The infrastructure matters. The session protocol matters. But none of it produces value without what the practitioner brings. The tool will sound confident either way. It may not tell you whether the argument is real or challenge any claims you make. By default, it won't tell you a conclusion you are making is not supported.
If all you do is feed the tool your style guides, your project context, and your own writing examples, you risk building a high-fidelity echo chamber. The tool reflects your framing back with more polish. A good methodology can address this by design. The counter-measures: adversarial modes that require the tool to argue against your position; Devil's Advocate review on every major structural decision; second-opinion passes through Gemini and ChatGPT with no project context. These are not optional flourishes. They are the mechanism that keeps the process from becoming a mirror. A tool that only agrees with you is not a thinking partner. It is a transcription service with better vocabulary.

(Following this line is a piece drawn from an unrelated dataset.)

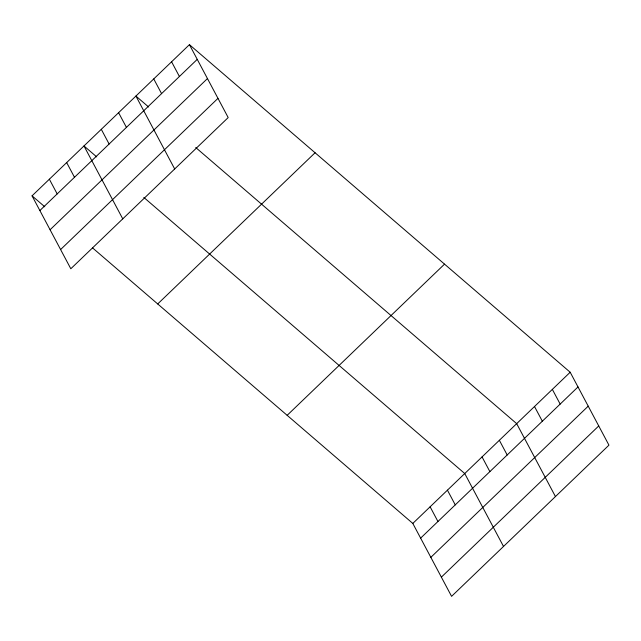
<?xml version="1.0" encoding="UTF-8"?>
<svg xmlns="http://www.w3.org/2000/svg" width="641" height="641" viewBox="0 0 641 641"><rect width="100%" height="100%" fill="white"/><g stroke="black" fill="none" stroke-linecap="round" stroke-linejoin="round"><path stroke-width="0.96" d="M189.424 44.654L228.188 117.567L70.814 268.755L32.05 195.842L189.424 44.654L570.186 372.245L608.95 445.158L451.576 596.346L412.812 523.433L92.633 247.963M39.87 210.544L197.244 59.365M50.086 229.75L207.452 78.571M60.607 249.541L217.972 98.361M157.702 303.946L315.076 152.758M287.16 415.328L444.533 264.14M412.812 523.433L570.186 372.245M420.632 538.136L577.998 386.956M430.84 557.35L588.214 406.162M441.369 577.14L598.734 425.953M148.632 106.999L135.916 96.054L174.681 168.968M195.745 147.534L516.678 423.653L555.443 496.567M96.695 156.885L83.979 145.948L122.751 218.861M143.816 197.428L464.741 473.539L503.514 546.452M32.05 195.842L44.766 206.779M552.35 389.383L560.162 404.086M534.514 406.514L542.334 421.225M499.363 440.279L507.183 454.99M482.056 456.913L489.876 471.616M447.434 490.173L455.254 504.876M430.119 506.799L437.939 521.51M171.588 61.792L179.408 76.495M153.752 78.923L161.572 93.626M118.601 112.688L126.421 127.391M101.294 129.322L109.114 144.025M66.672 162.582L74.492 177.285M49.357 179.208L57.177 193.911"/></g></svg>
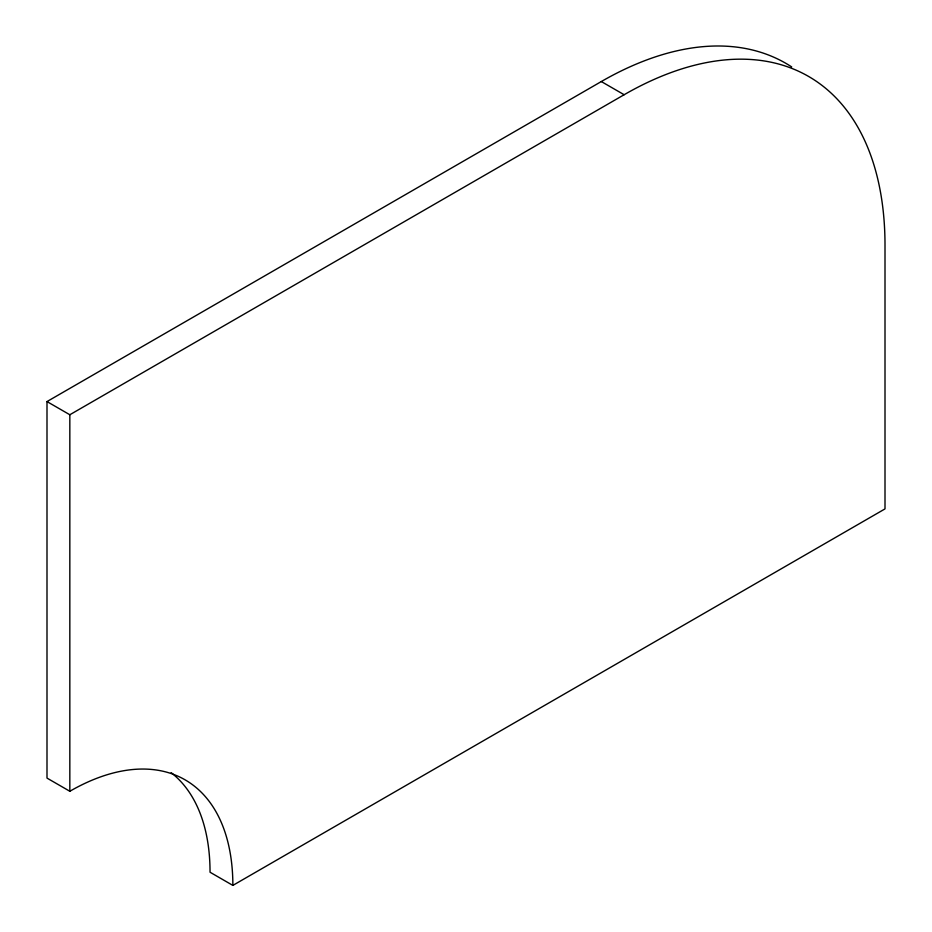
<?xml version="1.0" encoding="UTF-8"?>
<svg xmlns="http://www.w3.org/2000/svg" width="932" height="932" viewBox="0 0 932 932"><rect width="100%" height="100%" fill="white"/><g stroke="black" fill="none" stroke-linecap="round" stroke-linejoin="round"><path stroke-width="1.4" d="M601.315 81.55L624.149 94.726A368.909 212.985 -60 0 1 885.004 245.337L885.004 508.895L232.86 885.4A230.565 133.113 -60 0 0 69.83 791.268L46.996 778.092L46.996 401.575L601.315 81.55A368.909 212.985 -60 0 1 791.699 66.929M46.996 401.575L69.83 414.752L624.149 94.726M232.86 885.4L210.038 872.224A230.565 133.113 -60 0 0 171.185 772.675M69.83 414.752L69.83 791.268"/></g></svg>

This paper started as a chat that I knew was the germ of a paper. Yesterday afternoon I opened a session with Sonnet and said something like: most people have no idea how powerful these tools can be, or how much work is actually required to get the fullest value from them.
Nine hours of active work and less than 24 hours elapsed later, what you have read here was built across more than five threads, three tools, and at least four models. There were well over 200 prompt exchanges. Seven named versions. ChatGPT rewrote the entire introduction. Gemini questioned whether the methodology was just a sophisticated echo chamber — which forced a better answer than I had. The cartoon is a play on the evolution march: Claude wrote the prompt, Gemini generated the image, and I coached it with more details to make it funnier. We went through three titles and four subtitles before landing here. I rewrote dozens of Claude's sentences. Claude rewrote dozens of mine.
The tools will get better. The prompting will get easier. But the big ideas — research, context, knowledge and intent, how to build the session, how to manage the team, how to stay in the director role — those do not change with the model version.
Most writing about LLM tools focuses on what the tools can do. That framing is too small. The tools are able to work as hard as you are. They will be as smart as you are about how you build your team, how you train them, what policies and guardrails you give them.
This paper has been about that investment. The tools provided structure, pushback, and form. The argument, the standards, and the judgment were not theirs to supply. That division of labor is the thing worth understanding.
I have been figuring this out over the last 18 months and the last six months have been the most dramatic in terms of the quality of the team. I have gone from herding a mob of tenth graders to forming and leading a well-trained team of college students. I do not know yet how much of what I have learned will transfer to new audiences and new topics. But the early results are interesting enough to keep going, and interesting enough to write about.